▸ **THE INPUT**
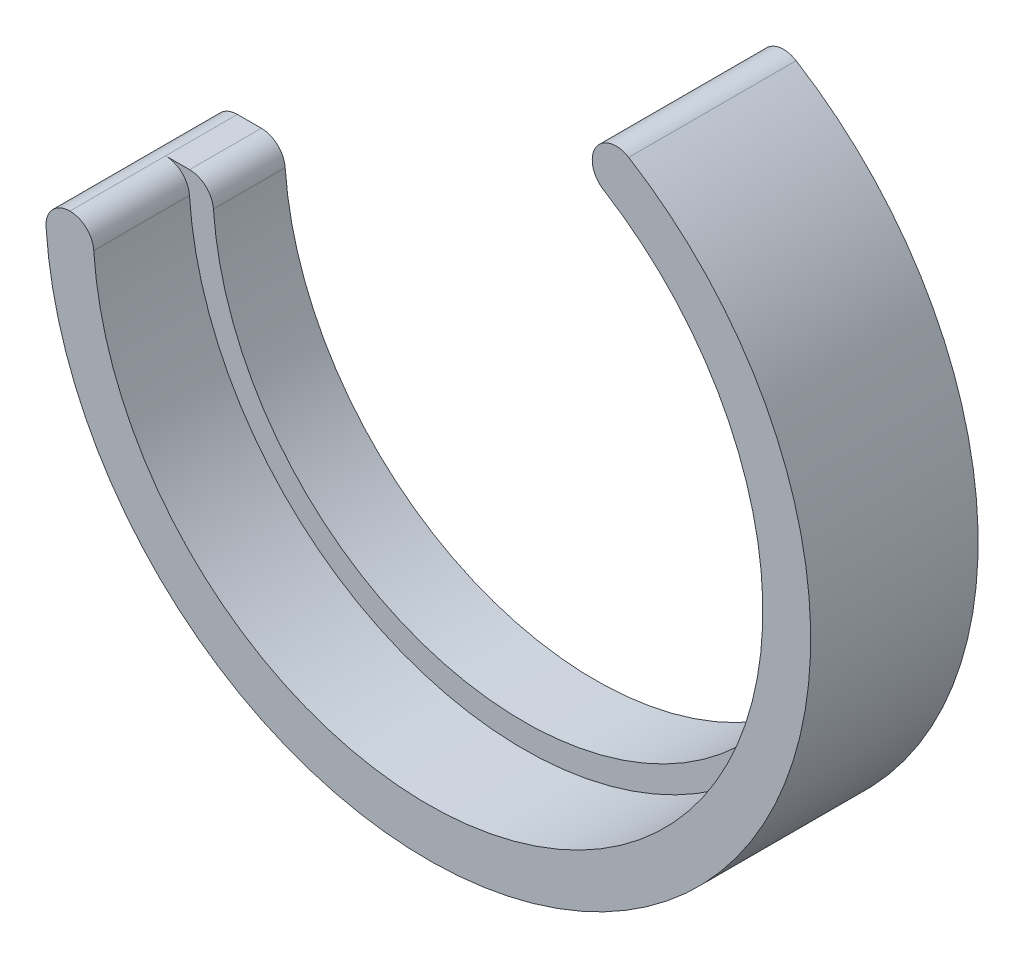
SolidWorks part; units mm, degrees
ref_plane "Front Plane" through (0, 0, 0) normal (0, 0, 1) x (1, 0, 0)
ref_plane "Top Plane" through (0, 0, 0) normal (0, 1, 0) x (1, 0, 0)
ref_plane "Right Plane" through (0, 0, 0) normal (1, 0, 0) x (0, 0, -1)
sketch "Sketch1" plane through (0, 0, 0) normal (0, 0, 1) x (1, 0, 0)
  line L0 (3.7329, 7.0757) -> (3.033, 5.749)
  line L1 (-8, 0) -> (-6.5, 0)
  arc A0 (3.033, 5.749) -> (-6.5, 0) centre (0, 0) cw
  arc A1 (3.7329, 7.0757) -> (-8, 0) centre (0, 0) cw
  dimension "D1" = 1.5
extrude "Boss-Extrude1" add sketch "Sketch1" along normal blind 1.5
ref_plane "Plane1" through (0, 0, 1.5) normal (0, 0, 1) x (1, 0, 0)
sketch "Sketch2" plane through (0, 0, 1.5) normal (0, 0, 1) x (1, 0, 0)
  line L2 (3.7329, 7.0757) -> (3.2663, 6.1912)
  line L3 (-7, 0) -> (-8, 0)
  arc A0 (3.2663, 6.1912) -> (-7, 0) centre (0, 0) cw
  arc A3 (3.7329, 7.0757) -> (-8, 0) centre (0, 0) cw
  dimension "D1" = 7
  dimension "D2" = 1
extrude "Boss-Extrude2" add sketch "Sketch2" along normal blind 2
fillet "Fillet1" radius 0.5 6 edges at (-6.5, 0, 0.75) (-8, 0, 1.75) (3.033, 5.749, 0.75) (3.7329, 7.0757, 1.75)

▸ **BRIEF**
Some lines contain the word "dimension". Pull each one out of the listing.

▸ **REPLY TO THE EXERCISE**
  dimension "D1" = 1.5
  dimension "D1" = 7
  dimension "D2" = 1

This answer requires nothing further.